Liputan6.com, Jakarta - Media Korea Selatan, MBC News melaporkan adanya sejumlah warga negara Indonesia (WNI) yang bekerja sebagai anak buah kapal (ABK) diperlakukan seperti budak. Bahkan, para ABK yang ketahuan sakit dan meningal dunia maka jasadnya akan dibuang ke laut.
Berita itu pun menjadi trending di Korea Selatan. Penelusuran Liputan6.com, Rabu (6/5/2020), para ABK itu berada di kapal Long Xin 629 milik China. Mereka memberikan informasi tentang keadaan mereka ke media Korsel saat sedang berlabuh di Busan.
Advertisement
Menurut laporan dari Kementerian Luar Negeri RI, terdapat 14 ABK WNI yang bekerja di kapal tersebut.
Joedha Nugraha, Dirjen PWNI dan BHI Kemlu mengatakan, mereka ingin kembali ke Indonesia namun terkendala soal pihak mana yang akan membiayainya.
"KBRI kita di Seoul telah berkoordinasi dengan agen kapal yaitu Visco, yang ditunjuk pihak principal yang ada di RRT sejak 16 April 2020 termasuk untuk memfasilitasi ketibaan 14 ABK kita," ujarnya.
Saat ini, 14 ABK tersebut berada dalam masa karantina sesuai dengan ketentuan yang ditetapkan pemerintah Korea Selatan. Mereka menjalani masa karantina tersebut dalam sebuah hotel di Busan.
Menurut informasi terakhir, pihak principal telah menyiapkan kepulangan mereka pada 8 Mei mendatang, setelah menyelesaikan proses karantina mandiri.
Saksikan video pilihan di bawah ini:
Trending di Korea Selatan
Media MBC melaporkan bahwa ketika penyelidikan hendak dilakukan, kapal tersebut sudah kembali melanjutkan perjalanan. Dalam video yang ditunjukkan MBC, terlihat ada seorang ABK yang meninggal di kapal tersebut yang kemudian jasadnya dibuang ke laut.

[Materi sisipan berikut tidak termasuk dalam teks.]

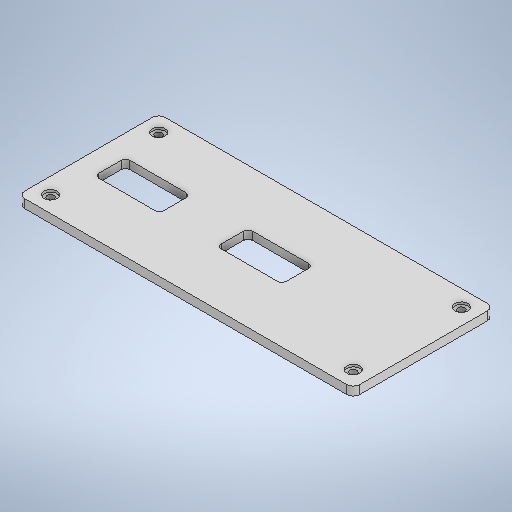
# Autodesk Inventor part: arcade_box_lid_iteration3
Saved by Autodesk Inventor 2025.2 (Build 292293000, 293)
## iProperties
Created: 2025-03-25
Part Number: arcade_box_lid_iteration3
Material: Generic
Document SubType Name: Modeling
Designer: osmon
Density: 1 g/cm^3
Appearance: Default
Author: osmon
Autodesk Inventor part; units mm, degrees
ref_plane "YZ Plane" through (0, 0, 0) normal (1, 0, 0) x (0, 1, 0)
ref_plane "XZ Plane" through (0, 0, 0) normal (0, 1, 0) x (-1, 0, 0)
ref_plane "XY Plane" through (0, 0, 0) normal (0, 0, 1) x (1, 0, 0)
sketch "Sketch1" plane through (0, 0, 0) normal (0, 1, 0) x (-1, 0, 0)
  line L0 (0, 0) -> (-155, 0)
  line L1 (-155, 0) -> (-155, -65)
  line L2 (-155, -65) -> (0, -65)
  line L3 (0, -65) -> (0, 0)
  dimension "d0" = 155
  dimension "d1" = 65
  constraints: 8 end point, 2 parallel, 1 horizontal, 1 perpendicular
  measures "d0" distance of L2.end L1.end
  measures "d1" distance of L1.end L0.end
extrude "Extrusion1" add sketch "Sketch1" along normal blind 4
sketch "Sketch2" plane through (0, 0, 0) normal (0, -1, 0) x (1, 0, 0)
  line L0 (155, 0) -> (155, -65) projected
  line L1 (0, 0) -> (155, 0) projected
  line L2 (0, -65) -> (0, 0) projected
  line L3 (155, -65) -> (0, -65) projected
  line L4 (3, -62) -> (3, -3)
  line L5 (3, -3) -> (152, -3)
  line L6 (152, -3) -> (152, -62)
  line L7 (152, -62) -> (3, -62)
  line L8 (152, -62) -> (143, -62)
  line L9 (143, -62) -> (143, -53)
  line L10 (143, -53) -> (152, -53)
  line L11 (152, -53) -> (152, -62)
  circle A0 centre (147.5, -57.5) radius 1.6
  dimension "d4" = 3
  dimension "d5" = 9
  dimension "d6" = 9
  dimension "d7" = 3.2
  constraints: 16 end point, 2 parallel, 1 centre point, 1 horizontal, 1 perpendicular, 3 other
  measures "d4" distance between parallel lines of L3 L7
  measures "d5" distance of L9.end L10.end
  measures "d6" distance of L8.end L9.end
  measures "d7" diameter of A0
extrude "Extrusion2" cut sketch "Sketch2" against normal blind 4 contours A0
sketch "Sketch3" plane through (0, 4, 0) normal (0, 1, 0) x (1, 0, 0)
  circle A0 centre (147.5, 57.5) radius 1.6 projected
  line L0 (155, 0) -> (155, 65) projected
  line L1 (155, 65) -> (0, 65) projected
  line L2 (0, 65) -> (0, 0) projected
  line L3 (0, 0) -> (155, 0) projected
  circle A1 centre (147.5, 57.5) radius 3
  dimension "d10" = 6
  constraints: 1 centre point, 1 coincident
  measures "d10" diameter of A1
extrude "Extrusion3" cut sketch "Sketch3" against normal blind 1 contours A1
sketch "Sketch4" plane through (0, 0, 0) normal (0, -1, 0) x (1, 0, 0)
  circle A0 centre (147.5, -57.5) radius 1.6 projected
  line L0 (155, 0) -> (155, -65) projected
  line L1 (0, 0) -> (155, 0) projected
  line L2 (0, -65) -> (0, 0) projected
  line L3 (155, -65) -> (0, -65) projected
  line L4 (3, -62) -> (3, -3)
  line L5 (3, -3) -> (152, -3)
  line L6 (152, -3) -> (152, -62)
  line L7 (152, -62) -> (3, -62)
  line L8 (152, -3) -> (143, -3)
  line L9 (143, -3) -> (143, -12)
  line L10 (143, -12) -> (152, -12)
  line L11 (152, -12) -> (152, -3)
  line L12 (3, -3) -> (12, -3)
  line L13 (12, -3) -> (12, -12)
  line L14 (12, -12) -> (3, -12)
  line L15 (3, -12) -> (3, -3)
  line L16 (3, -62) -> (12, -62)
  line L17 (12, -62) -> (12, -53)
  line L18 (12, -53) -> (3, -53)
  line L19 (3, -53) -> (3, -62)
  circle A1 centre (147.5, -7.5) radius 1.6
  circle A2 centre (7.5, -7.5) radius 1.6
  circle A3 centre (7.5, -57.5) radius 1.6
  dimension "d13" = 3
  dimension "d14" = 9
  dimension "d15" = 9
  dimension "d16" = 9
  dimension "d17" = 9
  dimension "d18" = 9
  dimension "d19" = 9
  dimension "d20" = 3.2
  dimension "d21" = 3.2
  dimension "d22" = 3.2
  constraints: 32 end point, 6 parallel, 3 centre point, 3 horizontal, 3 perpendicular, 3 other
  measures "d13" distance between parallel lines of L3 L7
  measures "d14" distance of L10.end L9.end
  measures "d15" distance of L9.end L8.end
  measures "d16" distance of L13.end L14.end
  measures "d17" distance of L12.end L13.end
  measures "d18" distance of L18.end L17.end
  measures "d19" distance of L17.end L16.end
  measures "d20" diameter of A1
  measures "d21" diameter of A2
  measures "d22" diameter of A3
extrude "Extrusion4" cut sketch "Sketch4" against normal blind 4 contours A1 | A2 | A3
sketch "Sketch5" plane through (0, 4, 0) normal (0, 1, 0) x (1, 0, 0)
  circle A0 centre (7.5, 57.5) radius 1.6 projected
  circle A1 centre (7.5, 7.5) radius 1.6 projected
  circle A2 centre (147.5, 7.5) radius 1.6 projected
  circle A3 centre (147.5, 57.5) radius 3 projected
  line L0 (155, 0) -> (155, 65) projected
  line L1 (155, 65) -> (0, 65) projected
  line L2 (0, 65) -> (0, 0) projected
  line L3 (0, 0) -> (155, 0) projected
  circle A4 centre (7.5, 57.5) radius 3
  circle A5 centre (7.5, 7.5) radius 3
  circle A6 centre (147.5, 7.5) radius 3
  dimension "d25" = 6
  dimension "d26" = 6
  dimension "d27" = 6
  constraints: 3 centre point, 3 coincident
  measures "d25" diameter of A4
  measures "d26" diameter of A5
  measures "d27" diameter of A6
extrude "Extrusion5" cut sketch "Sketch5" against normal blind 1 contours A4 | A5 | A6
fillet "Fillet1" radius 3 4 edges at (0, 2, 0) (0, 2, -65) (155, 2, 0) (155, 2, -65)
sketch "Sketch6" plane through (0, 4, 0) normal (0, 1, 0) x (1, 0, 0)
  line L0 (10, 25.325) -> (40, 25.325)
  line L1 (40, 25.325) -> (40, 39.675)
  line L2 (40, 39.675) -> (10, 39.675)
  line L3 (10, 39.675) -> (10, 25.325)
  line L4 (66.65, 25.325) -> (96.65, 25.325)
  line L5 (96.65, 25.325) -> (96.65, 39.675)
  line L6 (96.65, 39.675) -> (66.65, 39.675)
  line L7 (66.65, 39.675) -> (66.65, 25.325)
  point P0 (0, 0)
  dimension "d31" = 30
  dimension "d32" = 14.35
  dimension "d33" = 30
  dimension "d34" = 14.35
  constraints: 16 end point, 4 parallel, 2 horizontal, 2 perpendicular
  measures "d31" distance of L2.end L1.end
  measures "d32" distance of L1.end L0.end
  measures "d33" distance of L6.end L5.end
  measures "d34" distance of L5.end L4.end
extrude "Extrusion6" cut sketch "Sketch6" against normal blind 4
fillet "Fillet2" radius 2 8 edges at (10, 2, -39.675) (40, 2, -39.675) (10, 2, -25.325) (40, 2, -25.325) (66.65, 2, -39.675) (96.65, 2, -39.675) (66.65, 2, -25.325) (96.65, 2, -25.325)
chamfer "Chamfer1" distance 0.3 angle 45 20 edges at (5.9, 0, -7.5) (10, 0, -32.5) (10.5858, 0, -25.9108) (25, 0, -25.325) (39.4142, 0, -25.9108) (40, 0, -32.5) (39.4142, 0, -39.0892) (25, 0, -39.675) (10.5858, 0, -39.0892) (67.2358, 0, -39.0892) (81.65, 0, -39.675) (96.0642, 0, -39.0892) (96.65, 0, -32.5) (96.0642, 0, -25.9108) (81.65, 0, -25.325) (67.2358, 0, -25.9108) (66.65, 0, -32.5) (5.9, 0, -57.5) (145.9, 0, -7.5) (145.9, 0, -57.5)
body "Solid1"

Media tersebut juga turut mengungkapkan bahwa sebelum jasad yang ada di video tersebut dibuang, ada pula beberapa jasad lainnya yang telah dibuang terlebih dahulu, tepat setelah mereka meninggal dunia. Menurut informasi dari salah seorang saksi, ada 4 ABK yang telah meninggal dunia selama perjalanan kapal tersebut.
Selanjutnya, media MBC juga menampilkan adanya surat pernyataan dari para ABK yang menyatakan kesediaan mereka untuk dikremasi bila timbul suatu musibah hingga meninggal di tempat kapal itu bersandar.
Advertisement
Kesaksian ABK Minum Air Laut
Sebuah kesaksian yang juga ditampilkan MBC menyatakan, sistem kerja di kapal milik RRT tersebut memiliki kondisi yang tidak layak termasuk mengeksploitasi tenaga kerja yang ada. Bahkan menurutnya, ABK yang meninggal tersebut sebelumnya sudah sakit selama satu bulan.
"Awalnya keram terus tahu-tahu kakinya bengkak, dari kaki terus nyerang ke badan terus sesak dia," ujar seorang saksi yang ditampilkan MBC.
Keadaan digambarkan lebih parah lagi, ketika ada laporan bahwa air mineral yang dibawa untuk perbekalan di kapal tersebut hanya diminum oleh awak China. Sedangkan awak Indonesia hanya diizinkan meminum air laut yang difiltrasi.
"Pusing terus enggak bisa minum air itu sama sekali. Pernah juga sampai kaya ada dahak-dahak di sini," ujar saksi tersebut.
Kerja 18 Jam, Gaji Rp 1,7 juta
Seorang saksi yang lain mengatakan bahwa para ABK memiliki jam kerja hingga 18 jam dengan waktu istirahat hanya 6 jam setelahnya. Tak sampai disitu, upah yang didapat mereka selama bekerja hingga 13 bulan hanya sekitar US$ 120 atau Rp 1,7 juta. Atau dengan kata lain, gaji bulanannya hanya sekitar Rp 100.000.
Kapal tersebut semestinya bertujuan menangkap ikan tuna, namun terkadang juga menangkap ikan hiu. Aktivitas ilegal itulah yang membuat mereka tidak bisa berhenti di daratan manapun.